**THE PROBLEM:** It is required that the lines from the top of the listing through the line with "#35=DIRECTION('',(0.,0.,-1.));" be reproduced exactly, excluding pictures.

**DATA PROVIDED:**
★ ★ ★ ★ ★
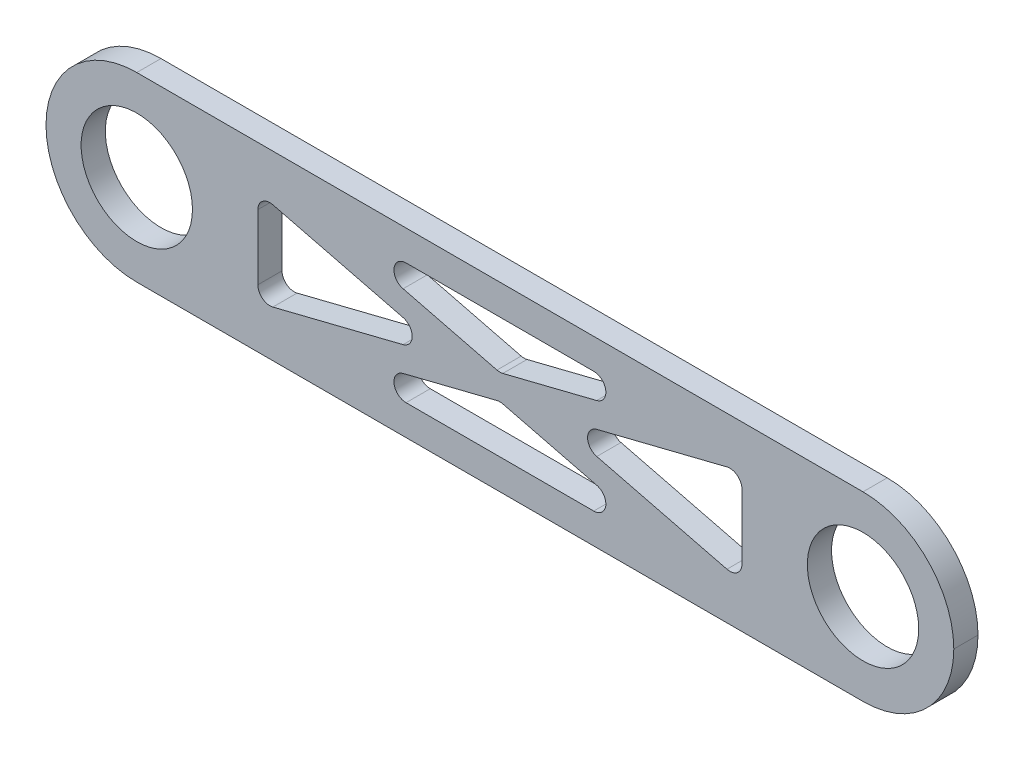
ISO-10303-21;
HEADER;
FILE_DESCRIPTION(('STEP AP214'),'2;1');
FILE_NAME('part.step','',(''),(''),'','','');
FILE_SCHEMA(('AUTOMOTIVE_DESIGN { 1 0 10303 214 1 1 1 1 }'));
ENDSEC;
DATA;
#1=APPLICATION_CONTEXT('core data for automotive mechanical design processes');
#2=APPLICATION_PROTOCOL_DEFINITION('international standard','automotive_design',2000,#1);
#3=PRODUCT_CONTEXT('',#1,'mechanical');
#4=PRODUCT('Part','Part','',(#3));
#5=PRODUCT_RELATED_PRODUCT_CATEGORY('part','',(#4));
#6=PRODUCT_DEFINITION_FORMATION('','',#4);
#7=PRODUCT_DEFINITION_CONTEXT('part definition',#1,'design');
#8=PRODUCT_DEFINITION('design','',#6,#7);
#9=PRODUCT_DEFINITION_SHAPE('','',#8);
#10=(LENGTH_UNIT() NAMED_UNIT(*) SI_UNIT(.MILLI.,.METRE.));
#11=(NAMED_UNIT(*) PLANE_ANGLE_UNIT() SI_UNIT($,.RADIAN.));
#12=(NAMED_UNIT(*) SI_UNIT($,.STERADIAN.) SOLID_ANGLE_UNIT());
#13=UNCERTAINTY_MEASURE_WITH_UNIT(LENGTH_MEASURE(1.E-05),#10,'distance_accuracy_value','');
#14=(GEOMETRIC_REPRESENTATION_CONTEXT(3) GLOBAL_UNCERTAINTY_ASSIGNED_CONTEXT((#13)) GLOBAL_UNIT_ASSIGNED_CONTEXT((#10,
#11,#12)) REPRESENTATION_CONTEXT('',''));
#15=CARTESIAN_POINT('',(0.,0.,0.));
#16=DIRECTION('',(0.,0.,1.));
#17=DIRECTION('',(1.,0.,0.));
#18=AXIS2_PLACEMENT_3D('',#15,#16,#17);
#19=CARTESIAN_POINT('',(0.,0.,-2.));
#20=DIRECTION('',(0.,0.,1.));
#21=DIRECTION('',(-1.,0.,0.));
#22=AXIS2_PLACEMENT_3D('',#19,#20,#21);
#23=PLANE('',#22);
#24=DIRECTION('',(0.970142500145332,0.242535625036333,0.));
#25=VECTOR('',#24,1.);
#26=CARTESIAN_POINT('',(-0.242535625036334,0.970142500145335,-2.));
#27=LINE('',#26,#25);
#28=CARTESIAN_POINT('',(-18.7574643749637,-3.6585896873365,-2.));
#29=VERTEX_POINT('',#28);
#30=CARTESIAN_POINT('',(-8.003675626199,-0.970142500145333,-2.));
#31=VERTEX_POINT('',#30);
#32=EDGE_CURVE('E601',#29,#31,#27,.T.);
#33=ORIENTED_EDGE('',*,*,#32,.T.);
#34=CARTESIAN_POINT('',(-8.24621125123533,0.,-2.));
#35=DIRECTION('',(0.,0.,-1.));
#36=DIRECTION('',(-1.,0.,0.));
#37=AXIS2_PLACEMENT_3D('',#34,#35,#36);
#38=CIRCLE('',#37,1.);
#39=CARTESIAN_POINT('',(-8.003675626199,0.970142500145332,-2.));
#40=VERTEX_POINT('',#39);
#41=EDGE_CURVE('E391',#40,#31,#38,.T.);
#42=ORIENTED_EDGE('',*,*,#41,.F.);
#43=DIRECTION('',(0.970142500145332,-0.242535625036333,0.));
#44=VECTOR('',#43,1.);
#45=CARTESIAN_POINT('',(-0.242535625036335,-0.970142500145337,-2.));
#46=LINE('',#45,#44);
#47=CARTESIAN_POINT('',(-18.7574643749637,3.6585896873365,-2.));
#48=VERTEX_POINT('',#47);
#49=EDGE_CURVE('E598',#48,#40,#46,.T.);
#50=ORIENTED_EDGE('',*,*,#49,.F.);
#51=CARTESIAN_POINT('',(-19.,2.68844718719117,-2.));
#52=DIRECTION('',(0.,0.,-1.));
#53=DIRECTION('',(-1.,0.,0.));
#54=AXIS2_PLACEMENT_3D('',#51,#52,#53);
#55=CIRCLE('',#54,1.);
#56=CARTESIAN_POINT('',(-20.,2.68844718719117,-2.));
#57=VERTEX_POINT('',#56);
#58=EDGE_CURVE('E403',#57,#48,#55,.T.);
#59=ORIENTED_EDGE('',*,*,#58,.F.);
#60=DIRECTION('',(0.,1.,0.));
#61=VECTOR('',#60,1.);
#62=CARTESIAN_POINT('',(-20.,0.,-2.));
#63=LINE('',#62,#61);
#64=CARTESIAN_POINT('',(-20.,-2.68844718719117,-2.));
#65=VERTEX_POINT('',#64);
#66=EDGE_CURVE('E604',#65,#57,#63,.T.);
#67=ORIENTED_EDGE('',*,*,#66,.F.);
#68=CARTESIAN_POINT('',(-19.,-2.68844718719117,-2.));
#69=DIRECTION('',(0.,0.,-1.));
#70=DIRECTION('',(-1.,0.,0.));
#71=AXIS2_PLACEMENT_3D('',#68,#69,#70);
#72=CIRCLE('',#71,1.);
#73=EDGE_CURVE('E397',#29,#65,#72,.T.);
#74=ORIENTED_EDGE('',*,*,#73,.F.);
#75=EDGE_LOOP('',(#33,#42,#50,#59,#67,#74));
#76=FACE_BOUND('',#75,.T.);
#77=DIRECTION('',(0.970142500145332,0.242535625036333,0.));
#78=VECTOR('',#77,1.);
#79=CARTESIAN_POINT('',(-0.242535625036334,0.970142500145335,-2.));
#80=LINE('',#79,#78);
#81=CARTESIAN_POINT('',(0.242535625036327,1.0914103126635,-2.));
#82=VERTEX_POINT('',#81);
#83=CARTESIAN_POINT('',(7.996324373801,3.02985749985467,-2.));
#84=VERTEX_POINT('',#83);
#85=EDGE_CURVE('E580',#82,#84,#80,.T.);
#86=ORIENTED_EDGE('',*,*,#85,.T.);
#87=CARTESIAN_POINT('',(7.75378874876466,4.,-2.));
#88=DIRECTION('',(0.,0.,-1.));
#89=DIRECTION('',(-1.,0.,0.));
#90=AXIS2_PLACEMENT_3D('',#87,#88,#89);
#91=CIRCLE('',#90,1.);
#92=CARTESIAN_POINT('',(7.75378874876466,5.,-2.));
#93=VERTEX_POINT('',#92);
#94=EDGE_CURVE('E427',#93,#84,#91,.T.);
#95=ORIENTED_EDGE('',*,*,#94,.F.);
#96=DIRECTION('',(1.,0.,0.));
#97=VECTOR('',#96,1.);
#98=CARTESIAN_POINT('',(0.,5.,-2.));
#99=LINE('',#98,#97);
#100=CARTESIAN_POINT('',(-7.75378874876467,5.,-2.));
#101=VERTEX_POINT('',#100);
#102=EDGE_CURVE('E455',#101,#93,#99,.T.);
#103=ORIENTED_EDGE('',*,*,#102,.F.);
#104=CARTESIAN_POINT('',(-7.75378874876467,4.,-2.));
#105=DIRECTION('',(0.,0.,-1.));
#106=DIRECTION('',(-1.,0.,0.));
#107=AXIS2_PLACEMENT_3D('',#104,#105,#106);
#108=CIRCLE('',#107,1.);
#109=CARTESIAN_POINT('',(-7.99632437380101,3.02985749985467,-2.));
#110=VERTEX_POINT('',#109);
#111=EDGE_CURVE('E421',#110,#101,#108,.T.);
#112=ORIENTED_EDGE('',*,*,#111,.F.);
#113=DIRECTION('',(0.970142500145332,-0.242535625036333,0.));
#114=VECTOR('',#113,1.);
#115=CARTESIAN_POINT('',(0.242535625036333,0.970142500145332,-2.));
#116=LINE('',#115,#114);
#117=CARTESIAN_POINT('',(-0.24253562503634,1.0914103126635,-2.));
#118=VERTEX_POINT('',#117);
#119=EDGE_CURVE('E583',#110,#118,#116,.T.);
#120=ORIENTED_EDGE('',*,*,#119,.T.);
#121=CARTESIAN_POINT('',(0.,2.06155281280883,-2.));
#122=DIRECTION('',(0.,0.,-1.));
#123=DIRECTION('',(-1.,0.,0.));
#124=AXIS2_PLACEMENT_3D('',#121,#122,#123);
#125=CIRCLE('',#124,1.);
#126=EDGE_CURVE('E432',#82,#118,#125,.T.);
#127=ORIENTED_EDGE('',*,*,#126,.F.);
#128=EDGE_LOOP('',(#86,#95,#103,#112,#120,#127));
#129=FACE_BOUND('',#128,.T.);
#130=CARTESIAN_POINT('',(-30.,0.,-2.));
#131=DIRECTION('',(0.,0.,-1.));
#132=DIRECTION('',(-1.,0.,0.));
#133=AXIS2_PLACEMENT_3D('',#130,#131,#132);
#134=CIRCLE('',#133,7.5);
#135=CARTESIAN_POINT('',(-30.,7.5,-2.));
#136=VERTEX_POINT('',#135);
#137=CARTESIAN_POINT('',(-37.5,0.,-2.));
#138=VERTEX_POINT('',#137);
#139=EDGE_CURVE('E280',#136,#138,#134,.F.);
#140=ORIENTED_EDGE('',*,*,#139,.F.);
#141=DIRECTION('',(-1.,0.,0.));
#142=VECTOR('',#141,1.);
#143=CARTESIAN_POINT('',(-37.5,7.5,-2.));
#144=LINE('',#143,#142);
#145=CARTESIAN_POINT('',(30.,7.5,-2.));
#146=VERTEX_POINT('',#145);
#147=EDGE_CURVE('E469',#146,#136,#144,.T.);
#148=ORIENTED_EDGE('',*,*,#147,.F.);
#149=CARTESIAN_POINT('',(30.,0.,-2.));
#150=DIRECTION('',(0.,0.,-1.));
#151=DIRECTION('',(-1.,0.,0.));
#152=AXIS2_PLACEMENT_3D('',#149,#150,#151);
#153=CIRCLE('',#152,7.5);
#154=CARTESIAN_POINT('',(37.5,0.,-2.));
#155=VERTEX_POINT('',#154);
#156=EDGE_CURVE('E277',#155,#146,#153,.F.);
#157=ORIENTED_EDGE('',*,*,#156,.F.);
#158=CARTESIAN_POINT('',(30.,0.,-2.));
#159=DIRECTION('',(0.,0.,-1.));
#160=DIRECTION('',(-1.,0.,0.));
#161=AXIS2_PLACEMENT_3D('',#158,#159,#160);
#162=CIRCLE('',#161,7.5);
#163=CARTESIAN_POINT('',(30.,-7.5,-2.));
#164=VERTEX_POINT('',#163);
#165=EDGE_CURVE('E243',#164,#155,#162,.F.);
#166=ORIENTED_EDGE('',*,*,#165,.F.);
#167=DIRECTION('',(1.,0.,0.));
#168=VECTOR('',#167,1.);
#169=CARTESIAN_POINT('',(-37.5,-7.5,-2.));
#170=LINE('',#169,#168);
#171=CARTESIAN_POINT('',(-30.,-7.5,-2.));
#172=VERTEX_POINT('',#171);
#173=EDGE_CURVE('E257',#172,#164,#170,.T.);
#174=ORIENTED_EDGE('',*,*,#173,.F.);
#175=CARTESIAN_POINT('',(-30.,0.,-2.));
#176=DIRECTION('',(0.,0.,-1.));
#177=DIRECTION('',(-1.,0.,0.));
#178=AXIS2_PLACEMENT_3D('',#175,#176,#177);
#179=CIRCLE('',#178,7.5);
#180=EDGE_CURVE('E283',#138,#172,#179,.F.);
#181=ORIENTED_EDGE('',*,*,#180,.F.);
#182=EDGE_LOOP('',(#140,#148,#157,#166,#174,#181));
#183=FACE_BOUND('',#182,.T.);
#184=CARTESIAN_POINT('',(30.,0.,-2.));
#185=DIRECTION('',(0.,0.,1.));
#186=DIRECTION('',(1.,0.,0.));
#187=AXIS2_PLACEMENT_3D('',#184,#185,#186);
#188=CIRCLE('',#187,4.6);
#189=CARTESIAN_POINT('',(34.6,0.,-2.));
#190=VERTEX_POINT('',#189);
#191=EDGE_CURVE('E462',#190,#190,#188,.T.);
#192=ORIENTED_EDGE('',*,*,#191,.T.);
#193=EDGE_LOOP('',(#192));
#194=FACE_BOUND('',#193,.T.);
#195=CARTESIAN_POINT('',(-30.,0.,-2.));
#196=DIRECTION('',(0.,0.,1.));
#197=DIRECTION('',(1.,0.,0.));
#198=AXIS2_PLACEMENT_3D('',#195,#196,#197);
#199=CIRCLE('',#198,4.6);
#200=CARTESIAN_POINT('',(-25.4,0.,-2.));
#201=VERTEX_POINT('',#200);
#202=EDGE_CURVE('E452',#201,#201,#199,.T.);
#203=ORIENTED_EDGE('',*,*,#202,.T.);
#204=EDGE_LOOP('',(#203));
#205=FACE_BOUND('',#204,.T.);
#206=DIRECTION('',(0.970142500145332,-0.242535625036333,0.));
#207=VECTOR('',#206,1.);
#208=CARTESIAN_POINT('',(0.242535625036333,0.970142500145333,-2.));
#209=LINE('',#208,#207);
#210=CARTESIAN_POINT('',(8.00367562619899,-0.970142500145332,-2.));
#211=VERTEX_POINT('',#210);
#212=CARTESIAN_POINT('',(18.7574643749637,-3.6585896873365,-2.));
#213=VERTEX_POINT('',#212);
#214=EDGE_CURVE('E445',#211,#213,#209,.T.);
#215=ORIENTED_EDGE('',*,*,#214,.T.);
#216=CARTESIAN_POINT('',(19.,-2.68844718719117,-2.));
#217=DIRECTION('',(0.,0.,-1.));
#218=DIRECTION('',(-1.,0.,0.));
#219=AXIS2_PLACEMENT_3D('',#216,#217,#218);
#220=CIRCLE('',#219,1.);
#221=CARTESIAN_POINT('',(20.,-2.68844718719117,-2.));
#222=VERTEX_POINT('',#221);
#223=EDGE_CURVE('E45',#222,#213,#220,.T.);
#224=ORIENTED_EDGE('',*,*,#223,.F.);
#225=DIRECTION('',(0.,1.,0.));
#226=VECTOR('',#225,1.);
#227=CARTESIAN_POINT('',(20.,0.,-2.));
#228=LINE('',#227,#226);
#229=CARTESIAN_POINT('',(20.,2.68844718719117,-2.));
#230=VERTEX_POINT('',#229);
#231=EDGE_CURVE('E449',#222,#230,#228,.T.);
#232=ORIENTED_EDGE('',*,*,#231,.T.);
#233=CARTESIAN_POINT('',(19.,2.68844718719117,-2.));
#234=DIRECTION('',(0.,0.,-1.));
★ ★ ★ ★ ★
**RESULT OF THIS TASK:**
ISO-10303-21;
HEADER;
FILE_DESCRIPTION(('STEP AP214'),'2;1');
FILE_NAME('part.step','',(''),(''),'','','');
FILE_SCHEMA(('AUTOMOTIVE_DESIGN { 1 0 10303 214 1 1 1 1 }'));
ENDSEC;
DATA;
#1=APPLICATION_CONTEXT('core data for automotive mechanical design processes');
#2=APPLICATION_PROTOCOL_DEFINITION('international standard','automotive_design',2000,#1);
#3=PRODUCT_CONTEXT('',#1,'mechanical');
#4=PRODUCT('Part','Part','',(#3));
#5=PRODUCT_RELATED_PRODUCT_CATEGORY('part','',(#4));
#6=PRODUCT_DEFINITION_FORMATION('','',#4);
#7=PRODUCT_DEFINITION_CONTEXT('part definition',#1,'design');
#8=PRODUCT_DEFINITION('design','',#6,#7);
#9=PRODUCT_DEFINITION_SHAPE('','',#8);
#10=(LENGTH_UNIT() NAMED_UNIT(*) SI_UNIT(.MILLI.,.METRE.));
#11=(NAMED_UNIT(*) PLANE_ANGLE_UNIT() SI_UNIT($,.RADIAN.));
#12=(NAMED_UNIT(*) SI_UNIT($,.STERADIAN.) SOLID_ANGLE_UNIT());
#13=UNCERTAINTY_MEASURE_WITH_UNIT(LENGTH_MEASURE(1.E-05),#10,'distance_accuracy_value','');
#14=(GEOMETRIC_REPRESENTATION_CONTEXT(3) GLOBAL_UNCERTAINTY_ASSIGNED_CONTEXT((#13)) GLOBAL_UNIT_ASSIGNED_CONTEXT((#10,
#11,#12)) REPRESENTATION_CONTEXT('',''));
#15=CARTESIAN_POINT('',(0.,0.,0.));
#16=DIRECTION('',(0.,0.,1.));
#17=DIRECTION('',(1.,0.,0.));
#18=AXIS2_PLACEMENT_3D('',#15,#16,#17);
#19=CARTESIAN_POINT('',(0.,0.,-2.));
#20=DIRECTION('',(0.,0.,1.));
#21=DIRECTION('',(-1.,0.,0.));
#22=AXIS2_PLACEMENT_3D('',#19,#20,#21);
#23=PLANE('',#22);
#24=DIRECTION('',(0.970142500145332,0.242535625036333,0.));
#25=VECTOR('',#24,1.);
#26=CARTESIAN_POINT('',(-0.242535625036334,0.970142500145335,-2.));
#27=LINE('',#26,#25);
#28=CARTESIAN_POINT('',(-18.7574643749637,-3.6585896873365,-2.));
#29=VERTEX_POINT('',#28);
#30=CARTESIAN_POINT('',(-8.003675626199,-0.970142500145333,-2.));
#31=VERTEX_POINT('',#30);
#32=EDGE_CURVE('E601',#29,#31,#27,.T.);
#33=ORIENTED_EDGE('',*,*,#32,.T.);
#34=CARTESIAN_POINT('',(-8.24621125123533,0.,-2.));
#35=DIRECTION('',(0.,0.,-1.));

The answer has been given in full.